(Data excerpts)
::::::::

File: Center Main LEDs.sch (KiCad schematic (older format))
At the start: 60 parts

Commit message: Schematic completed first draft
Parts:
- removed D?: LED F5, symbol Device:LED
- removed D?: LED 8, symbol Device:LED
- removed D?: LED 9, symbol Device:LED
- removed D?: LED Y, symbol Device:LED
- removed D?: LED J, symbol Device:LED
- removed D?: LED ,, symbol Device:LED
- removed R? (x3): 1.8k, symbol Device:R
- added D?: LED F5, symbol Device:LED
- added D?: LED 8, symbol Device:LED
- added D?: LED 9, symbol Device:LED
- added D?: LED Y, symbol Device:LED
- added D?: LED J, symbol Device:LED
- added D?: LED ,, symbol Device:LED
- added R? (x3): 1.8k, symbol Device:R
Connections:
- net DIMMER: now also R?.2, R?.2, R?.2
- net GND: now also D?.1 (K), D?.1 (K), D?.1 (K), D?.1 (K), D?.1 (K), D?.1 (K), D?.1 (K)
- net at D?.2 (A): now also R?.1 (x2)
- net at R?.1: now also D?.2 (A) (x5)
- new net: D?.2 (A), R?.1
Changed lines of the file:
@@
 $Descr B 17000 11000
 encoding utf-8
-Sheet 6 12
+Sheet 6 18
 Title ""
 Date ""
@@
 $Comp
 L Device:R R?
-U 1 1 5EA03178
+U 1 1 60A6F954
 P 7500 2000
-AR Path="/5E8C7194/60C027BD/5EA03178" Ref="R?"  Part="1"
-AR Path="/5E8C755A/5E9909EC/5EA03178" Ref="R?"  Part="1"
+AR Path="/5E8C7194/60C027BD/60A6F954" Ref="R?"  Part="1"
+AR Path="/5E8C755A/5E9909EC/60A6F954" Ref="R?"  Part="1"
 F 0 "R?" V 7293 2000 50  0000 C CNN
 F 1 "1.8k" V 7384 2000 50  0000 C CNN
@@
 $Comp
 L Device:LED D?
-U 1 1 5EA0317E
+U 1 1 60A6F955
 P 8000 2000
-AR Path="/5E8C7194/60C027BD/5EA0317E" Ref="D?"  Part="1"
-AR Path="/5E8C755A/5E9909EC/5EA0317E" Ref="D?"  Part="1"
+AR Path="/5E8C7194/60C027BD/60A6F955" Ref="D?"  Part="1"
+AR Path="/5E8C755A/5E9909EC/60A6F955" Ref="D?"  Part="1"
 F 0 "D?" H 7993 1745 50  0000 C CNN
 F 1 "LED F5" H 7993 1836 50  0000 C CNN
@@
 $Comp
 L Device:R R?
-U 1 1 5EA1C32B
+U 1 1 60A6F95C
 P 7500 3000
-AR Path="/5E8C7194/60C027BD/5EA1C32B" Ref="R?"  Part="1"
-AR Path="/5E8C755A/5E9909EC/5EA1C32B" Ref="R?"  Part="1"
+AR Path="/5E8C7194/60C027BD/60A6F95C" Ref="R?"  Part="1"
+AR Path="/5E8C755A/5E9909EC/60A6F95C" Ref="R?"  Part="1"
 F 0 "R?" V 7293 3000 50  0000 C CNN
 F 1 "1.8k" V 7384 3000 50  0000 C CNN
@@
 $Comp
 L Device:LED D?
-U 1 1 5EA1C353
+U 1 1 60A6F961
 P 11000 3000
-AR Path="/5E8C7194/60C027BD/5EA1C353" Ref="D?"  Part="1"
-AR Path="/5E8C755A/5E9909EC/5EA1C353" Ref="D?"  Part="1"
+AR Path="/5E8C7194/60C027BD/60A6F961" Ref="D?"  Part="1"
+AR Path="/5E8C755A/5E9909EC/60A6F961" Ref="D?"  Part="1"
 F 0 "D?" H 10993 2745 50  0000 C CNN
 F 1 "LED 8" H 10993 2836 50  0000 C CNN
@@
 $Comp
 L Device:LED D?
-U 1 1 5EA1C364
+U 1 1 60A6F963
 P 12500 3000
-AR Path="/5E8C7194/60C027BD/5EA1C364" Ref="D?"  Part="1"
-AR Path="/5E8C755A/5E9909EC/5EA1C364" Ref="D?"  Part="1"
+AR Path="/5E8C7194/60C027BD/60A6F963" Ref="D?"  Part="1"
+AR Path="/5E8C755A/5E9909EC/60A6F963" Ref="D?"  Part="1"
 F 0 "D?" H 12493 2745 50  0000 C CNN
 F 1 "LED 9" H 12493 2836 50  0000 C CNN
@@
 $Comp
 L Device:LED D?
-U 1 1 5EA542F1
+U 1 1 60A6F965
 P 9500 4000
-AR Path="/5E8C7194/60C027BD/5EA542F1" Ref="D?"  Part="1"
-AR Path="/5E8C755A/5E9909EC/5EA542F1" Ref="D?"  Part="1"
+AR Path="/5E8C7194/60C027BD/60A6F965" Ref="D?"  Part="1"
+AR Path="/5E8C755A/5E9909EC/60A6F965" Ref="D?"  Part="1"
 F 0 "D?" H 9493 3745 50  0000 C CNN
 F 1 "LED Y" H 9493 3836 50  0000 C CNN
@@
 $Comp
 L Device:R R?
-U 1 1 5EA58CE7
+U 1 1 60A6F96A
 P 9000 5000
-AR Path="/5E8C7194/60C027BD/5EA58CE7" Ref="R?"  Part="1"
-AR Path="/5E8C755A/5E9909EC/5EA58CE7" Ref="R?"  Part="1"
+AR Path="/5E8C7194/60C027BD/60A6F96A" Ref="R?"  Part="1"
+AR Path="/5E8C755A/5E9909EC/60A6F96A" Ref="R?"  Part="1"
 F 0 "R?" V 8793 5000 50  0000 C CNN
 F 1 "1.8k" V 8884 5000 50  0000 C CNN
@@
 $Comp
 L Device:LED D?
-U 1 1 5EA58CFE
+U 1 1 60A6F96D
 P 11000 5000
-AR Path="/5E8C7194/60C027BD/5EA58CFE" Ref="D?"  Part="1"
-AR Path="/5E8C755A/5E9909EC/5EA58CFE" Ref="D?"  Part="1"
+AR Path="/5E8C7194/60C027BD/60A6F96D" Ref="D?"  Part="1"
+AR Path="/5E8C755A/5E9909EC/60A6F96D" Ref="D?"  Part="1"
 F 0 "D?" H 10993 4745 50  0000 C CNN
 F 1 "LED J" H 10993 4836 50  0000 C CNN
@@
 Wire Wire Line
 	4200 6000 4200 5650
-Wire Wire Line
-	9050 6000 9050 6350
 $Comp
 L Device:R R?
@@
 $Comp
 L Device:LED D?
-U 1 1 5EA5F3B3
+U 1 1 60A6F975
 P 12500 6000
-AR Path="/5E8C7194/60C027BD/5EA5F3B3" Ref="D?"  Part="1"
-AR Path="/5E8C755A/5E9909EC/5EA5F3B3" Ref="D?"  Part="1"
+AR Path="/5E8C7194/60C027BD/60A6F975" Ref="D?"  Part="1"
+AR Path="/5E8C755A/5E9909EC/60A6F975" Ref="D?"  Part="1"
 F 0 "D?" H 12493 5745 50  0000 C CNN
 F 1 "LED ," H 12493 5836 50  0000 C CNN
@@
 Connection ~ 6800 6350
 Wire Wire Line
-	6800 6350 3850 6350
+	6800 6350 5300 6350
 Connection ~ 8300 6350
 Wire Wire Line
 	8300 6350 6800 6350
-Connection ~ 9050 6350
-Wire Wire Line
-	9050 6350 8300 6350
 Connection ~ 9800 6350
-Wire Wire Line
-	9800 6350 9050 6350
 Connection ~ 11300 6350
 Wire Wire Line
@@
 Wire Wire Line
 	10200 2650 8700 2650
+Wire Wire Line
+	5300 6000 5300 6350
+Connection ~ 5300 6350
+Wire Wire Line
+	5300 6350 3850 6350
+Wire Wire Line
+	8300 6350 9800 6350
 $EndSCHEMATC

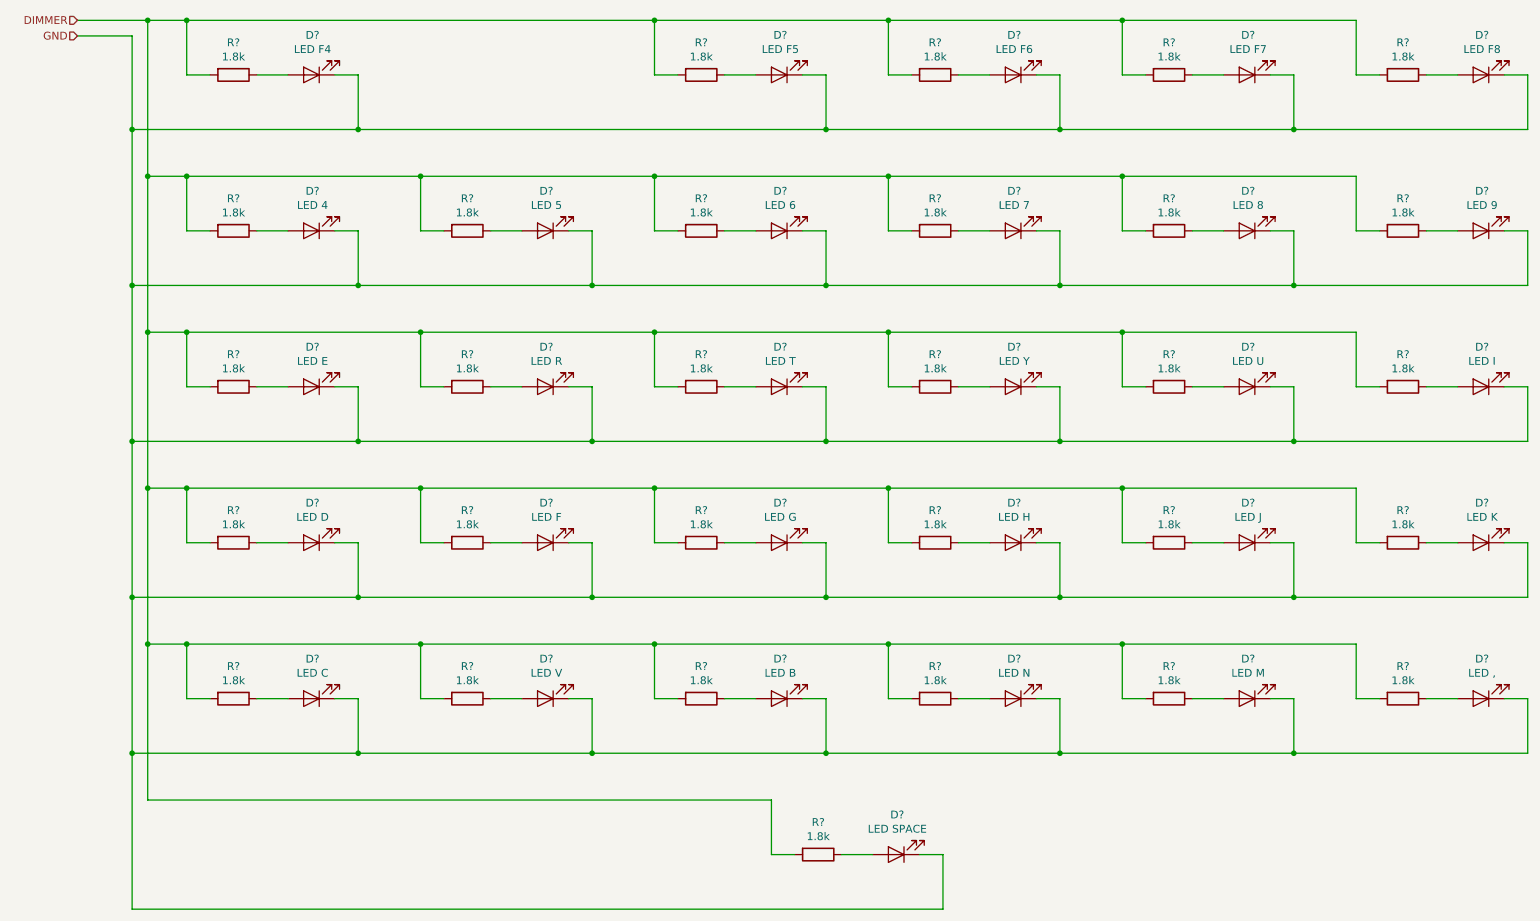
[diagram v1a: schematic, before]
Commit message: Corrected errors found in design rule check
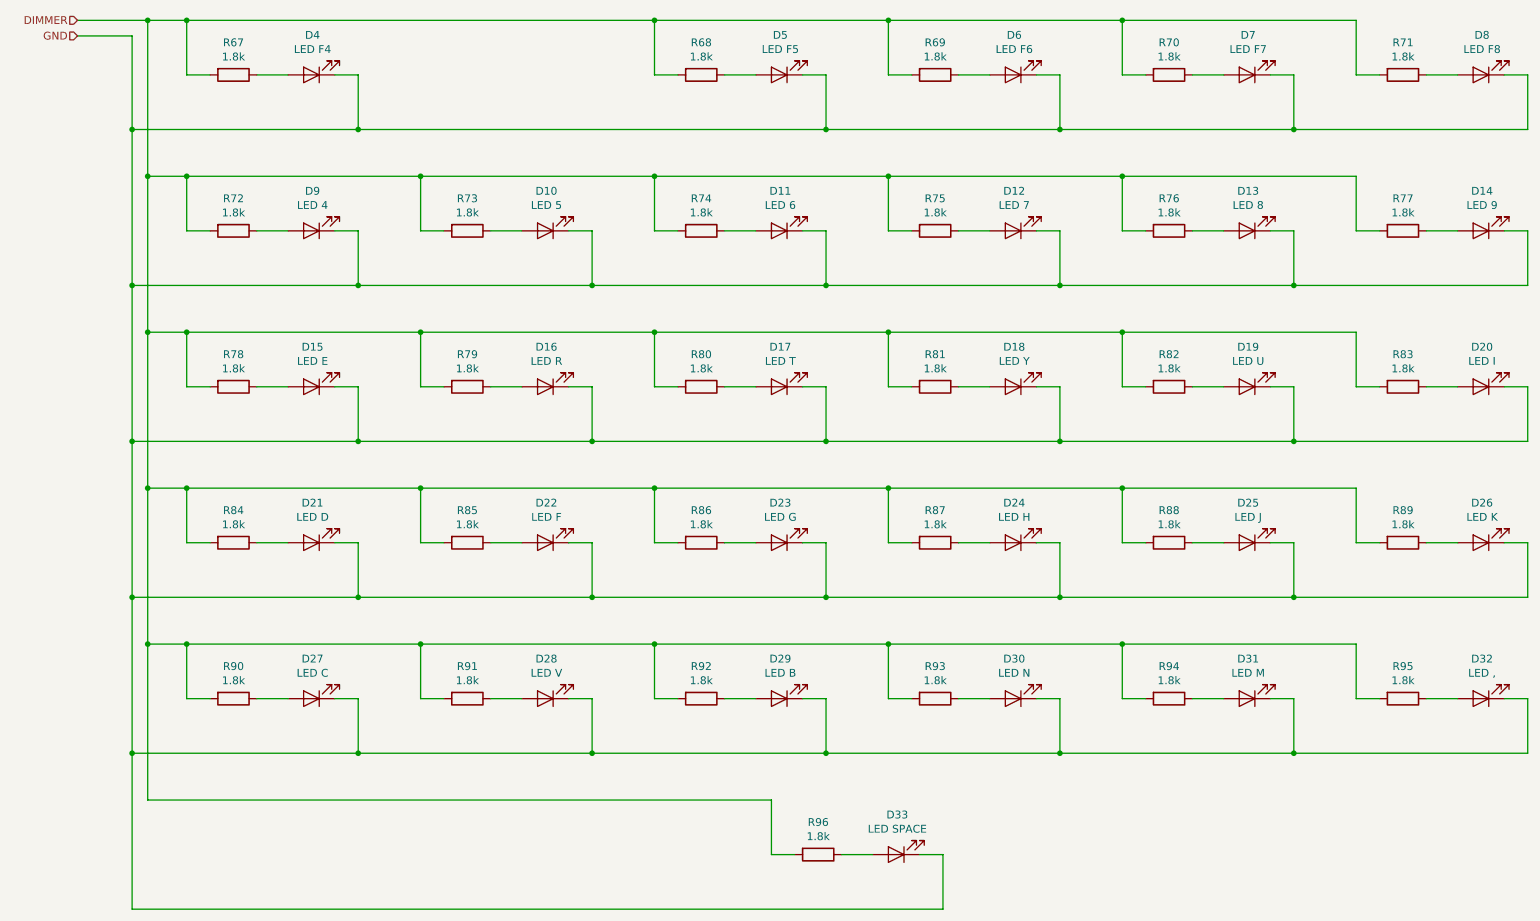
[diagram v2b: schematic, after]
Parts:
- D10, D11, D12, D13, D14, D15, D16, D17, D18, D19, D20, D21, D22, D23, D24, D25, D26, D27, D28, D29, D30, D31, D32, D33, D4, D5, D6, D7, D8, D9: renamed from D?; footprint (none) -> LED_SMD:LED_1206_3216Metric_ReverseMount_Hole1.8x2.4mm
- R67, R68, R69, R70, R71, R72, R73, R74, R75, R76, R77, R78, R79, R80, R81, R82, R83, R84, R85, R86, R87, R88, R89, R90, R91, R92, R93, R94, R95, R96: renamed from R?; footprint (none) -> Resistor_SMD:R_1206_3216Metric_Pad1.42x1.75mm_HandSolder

::::::::

For each line in the entries that contains the string "Commit", make a copy.

ANSWER BOX:
Commit message: Schematic completed first draft
Commit message: Corrected errors found in design rule check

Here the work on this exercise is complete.